I wouldnt bother with autocad. From my experience Civil is the only one that should be using it anymore. Pretty much everyone is moving to Revit. Its intimidating at first but not too terrible once you figure out the basics. Personally I would just apply for an entry level electrical design position or internship. Pay will be lower during trial period but once you prove you have field experience, know some of NFPA 70, and minimal lighting design, you're pretty certain to get hired somewhere as a designer.
 

paulengr

Senior Member
I wouldnt bother with autocad.

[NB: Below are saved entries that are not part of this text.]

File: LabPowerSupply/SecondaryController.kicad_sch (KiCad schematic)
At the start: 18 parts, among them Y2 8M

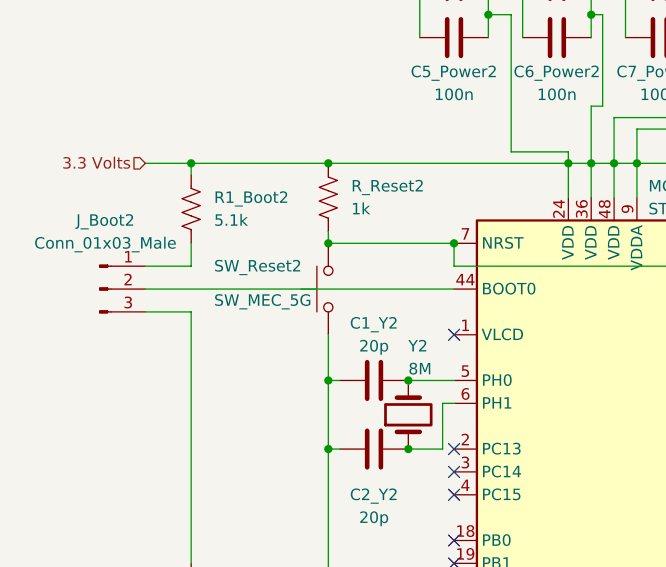
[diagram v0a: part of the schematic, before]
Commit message: Figured out how to make fill zones
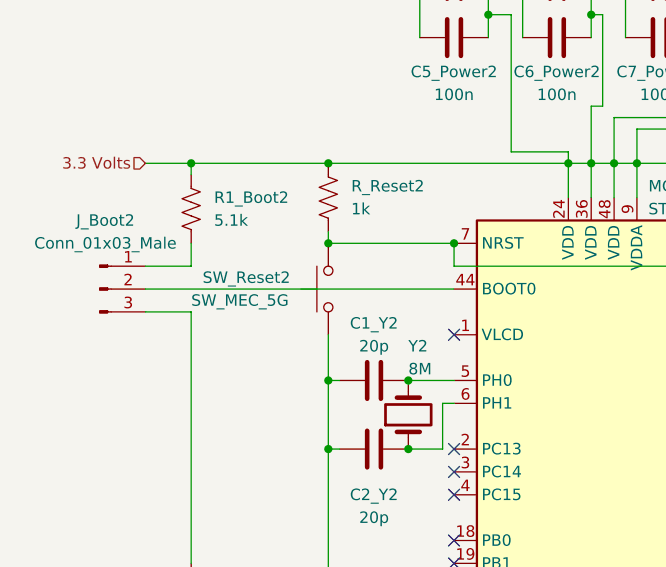
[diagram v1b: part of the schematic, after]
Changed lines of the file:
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@@
   (junction (at 116.84 139.7) (diameter 0) (color 0 0 0 0)
   )
+  (junction (at 68.58 63.5) (diameter 0) (color 0 0 0 0)
+  )
   (junction (at 68.58 54.61) (diameter 0) (color 0 0 0 0)
   )
@@
   (junction (at 101.6 30.48) (diameter 0) (color 0 0 0 0)
   )
-  (junction (at 68.58 63.5) (diameter 0) (color 0 0 0 0)
+  (junction (at 82.55 63.5) (diameter 0) (color 0 0 0 0)
   )
   (junction (at 68.58 139.7) (diameter 0) (color 0 0 0 0)
@@
   )
   (junction (at 86.36 38.1) (diameter 0) (color 0 0 0 0)
-  )
-  (junction (at 82.55 63.5) (diameter 0) (color 0 0 0 0)
   )
   (junction (at 77.47 78.74) (diameter 0) (color 0 0 0 0)
@@
     (stroke (width 0) (type default) (color 0 0 0 0))
   )
+  (wire (pts (xy 100.33 54.61) (xy 102.87 54.61))
+    (stroke (width 0) (type default) (color 0 0 0 0))
+  )
+  (wire (pts (xy 106.68 138.43) (xy 106.68 66.04))
+    (stroke (width 0) (type default) (color 0 0 0 0))
+  )
+  (wire (pts (xy 48.26 66.04) (xy 53.34 66.04))
+    (stroke (width 0) (type default) (color 0 0 0 0))
+  )
+  (wire (pts (xy 102.87 50.8) (xy 102.87 54.61))
+    (stroke (width 0) (type default) (color 0 0 0 0))
+  )
   (wire (pts (xy 68.58 63.5) (xy 82.55 63.5))
-    (stroke (width 0) (type default) (color 0 0 0 0))
-  )
-  (wire (pts (xy 100.33 54.61) (xy 102.87 54.61))
-    (stroke (width 0) (type default) (color 0 0 0 0))
-  )
-  (wire (pts (xy 106.68 138.43) (xy 106.68 66.04))
-    (stroke (width 0) (type default) (color 0 0 0 0))
-  )
-  (wire (pts (xy 48.26 66.04) (xy 53.34 66.04))
-    (stroke (width 0) (type default) (color 0 0 0 0))
-  )
-  (wire (pts (xy 102.87 50.8) (xy 102.87 54.61))
     (stroke (width 0) (type default) (color 0 0 0 0))
   )
@@
     (pin "2")
   )
+  (symbol (lib_id "Switch:SW_MEC_5G") (at 68.58 68.58 90) (unit 1)
+    (in_bom yes) (on_board yes)
+    (property "Reference" "SW_Reset2" (id 0) (at 54.61 67.31 90)
+      (effects (font (size 1.27 1.27)) (justify right))
+    )
+    (property "Value" "SW_MEC_5G" (id 1) (at 53.34 69.85 90)
+      (effects (font (size 1.27 1.27)) (justify right))
+    )
+    (property "Footprint" "Button_Switch_THT:SW_PUSH-12mm" (id 2) (at 63.5 68.58 0)
+      (effects (font (size 1.27 1.27)) hide)
+    )
+    (property "Datasheet" "http://www.apem.com/int/index.php?controller=attachment&id_attachment=488" (id 3) (at 63.5 68.58 0)
+      (effects (font (size 1.27 1.27)) hide)
+    )
+    (pin "1")
+    (pin "3")
+    (pin "2")
+    (pin "4")
+  )
   (symbol (lib_id "Device:C") (at 105.41 34.29 90) (unit 1)
     (in_bom yes) (on_board yes) (fields_autoplaced)
@@
     (pin "2")
   )
-  (symbol (lib_id "Switch:SW_MEC_5G") (at 68.58 68.58 90) (unit 1)
-    (in_bom yes) (on_board yes)
-    (property "Reference" "SW_Reset2" (id 0) (at 55.88 66.04 90)
-      (effects (font (size 1.27 1.27)) (justify right))
-    )
-    (property "Value" "SW_MEC_5G" (id 1) (at 55.88 69.85 90)
-      (effects (font (size 1.27 1.27)) (justify right))
-    )
-    (property "Footprint" "Button_Switch_THT:SW_PUSH-12mm" (id 2) (at 63.5 68.58 0)
-      (effects (font (size 1.27 1.27)) hide)
-    )
-    (property "Datasheet" "http://www.apem.com/int/index.php?controller=attachment&id_attachment=488" (id 3) (at 63.5 68.58 0)
-      (effects (font (size 1.27 1.27)) hide)
-    )
-    (pin "1")
-    (pin "3")
-    (pin "2")
-    (pin "4")
-  )
 )

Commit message: Traces
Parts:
- SW_Reset2: symbol Switch:SW_MEC_5G -> Switch:SW_Push
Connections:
- net GND: no longer SW_Reset2.2 (A)
- net at J_STLink2.5 (Pin_5), MCU_2.7 (NRST), R_Reset2.2: now also SW_Reset2.2; no longer SW_Reset2.3 (B), SW_Reset2.4 (B)
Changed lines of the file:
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@@
     (pin "2")
   )
-  (symbol (lib_id "Switch:SW_MEC_5G") (at 68.58 68.58 90) (unit 1)
+  (symbol (lib_id "Switch:SW_Push") (at 68.58 68.58 90) (unit 1)
     (in_bom yes) (on_board yes)
     (property "Reference" "SW_Reset2" (id 0) (at 54.61 67.31 90)
@@
       (effects (font (size 1.27 1.27)) hide)
     )
-    (property "Datasheet" "http://www.apem.com/int/index.php?controller=attachment&id_attachment=488" (id 3) (at 63.5 68.58 0)
+    (property "Datasheet" "~" (id 3) (at 63.5 68.58 0)
       (effects (font (size 1.27 1.27)) hide)
     )
     (pin "1")
-    (pin "3")
     (pin "2")
-    (pin "4")
   )
   (symbol (lib_id "Device:C") (at 105.41 34.29 90) (unit 1)

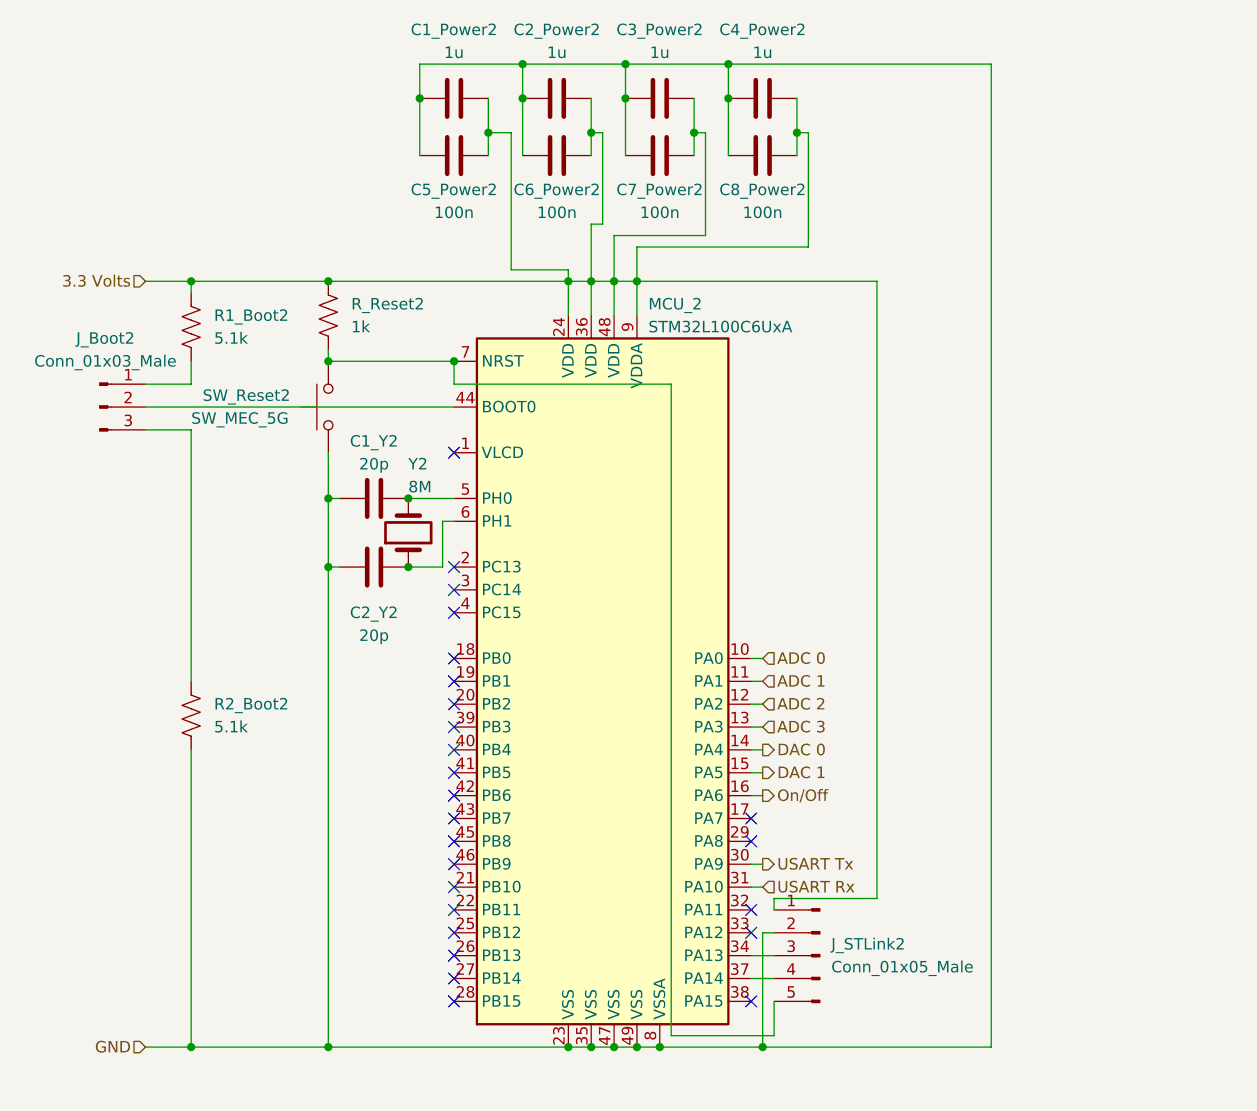
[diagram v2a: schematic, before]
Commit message: Started ch2 MCU routing
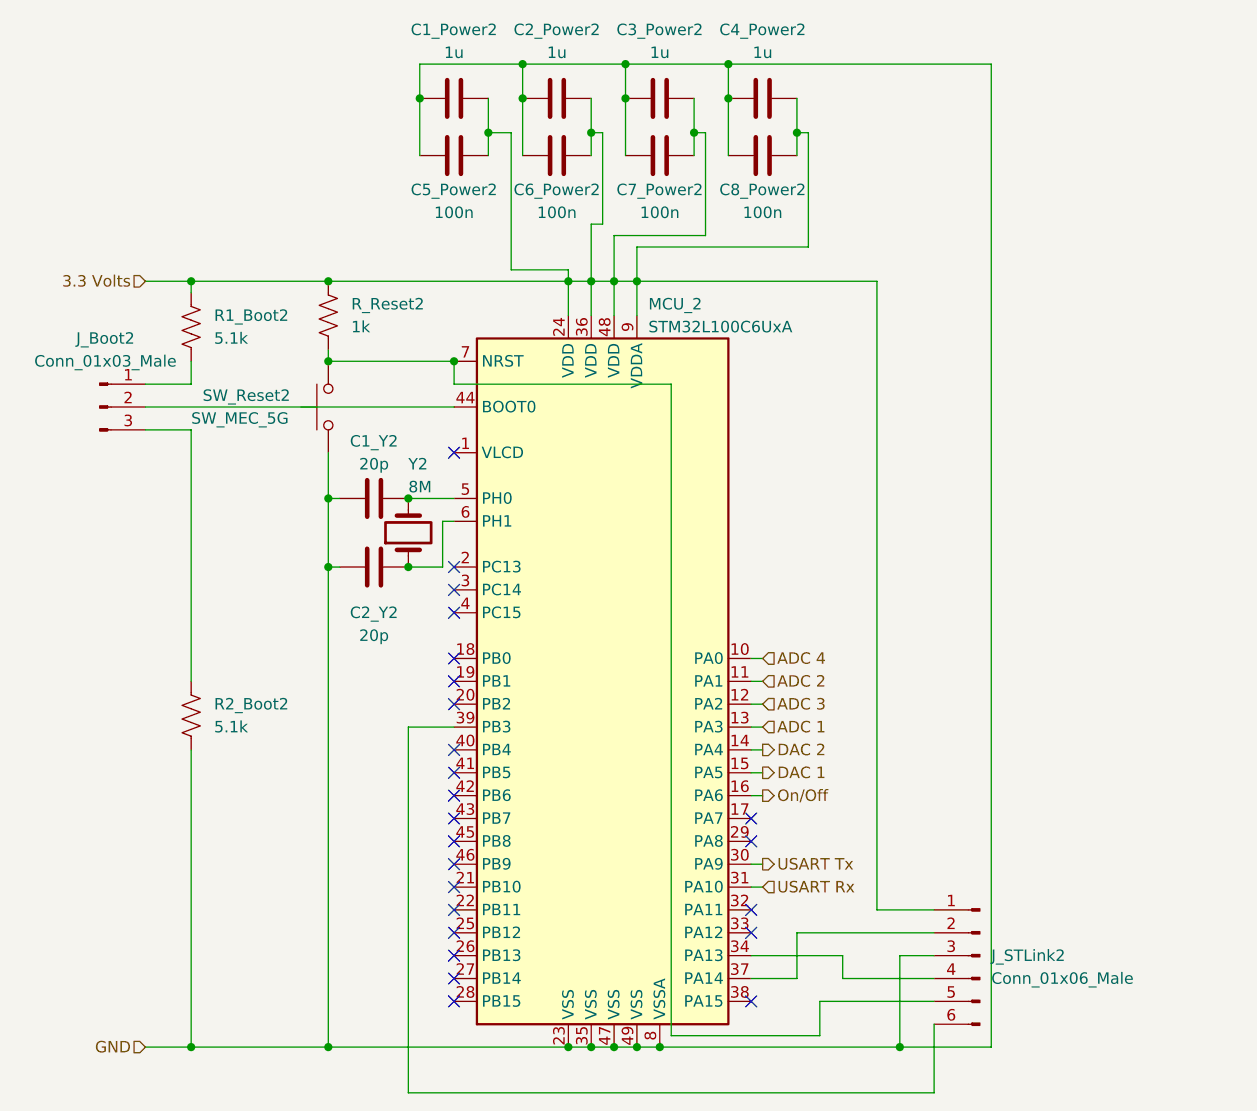
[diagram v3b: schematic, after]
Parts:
- removed J_STLink2: Conn_01x05_Male, Connector_PinHeader_2.54mm:PinHeader_1x05_P2.54mm_Vertical, symbol Connector:Conn_01x05_Male
- added J_STLink2: Conn_01x06_Male, Connector_PinHeader_2.54mm:PinHeader_1x06_P2.54mm_Vertical, symbol Connector:Conn_01x06_Male
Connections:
- net 3.3 Volts: now also J_STLink2.1 (Pin_1)
- net ADC 1: now also MCU_2.13 (PA3); no longer MCU_2.11 (PA1)
- net ADC 2: now also MCU_2.11 (PA1); no longer MCU_2.12 (PA2)
- net ADC 3: now also MCU_2.12 (PA2); no longer MCU_2.13 (PA3)
- net GND: now also J_STLink2.3 (Pin_3)
- net at MCU_2.34 (PA13): now also J_STLink2.4 (Pin_4)
- net at MCU_2.37 (PA14): now also J_STLink2.2 (Pin_2)
- net at MCU_2.7 (NRST), R_Reset2.2, SW_Reset2.2: now also J_STLink2.5 (Pin_5)
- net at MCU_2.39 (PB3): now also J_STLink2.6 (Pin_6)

From my experience Civil is the only one that should be using it anymore. Pretty much everyone is moving to Revit. Its intimidating at first but not too terrible once you figure out the basics. Personally I would just apply for an entry level electrical design position or internship. Pay will be lower during trial period but once you prove you have field experience, know some of NFPA 70, and minimal lighting design, you're pretty certain to get hired somewhere as a designer.

That’s if you are a MEP. It’s not very good if your use case doesn’t fall within its libraries and macros.

Learning Autocad isn’t hard. When you do technical drawings though it’s a different approach. You don’t sketch things but rather model them to dimension at least for traditional mechanical drafting. Whether you are truly drafting (drawing lines) as in Autocad or 2D/3D modeling as in Solidworks or Solid Edge is similar but an entirely different skill. But with electrical drawings dimensioning is minor. It’s more about developing a BOM and illustrations which are not the same as drawings. With Autocad Electrical for instance you basically mess things up if you use the drawing tools and not the macros that update the BOM.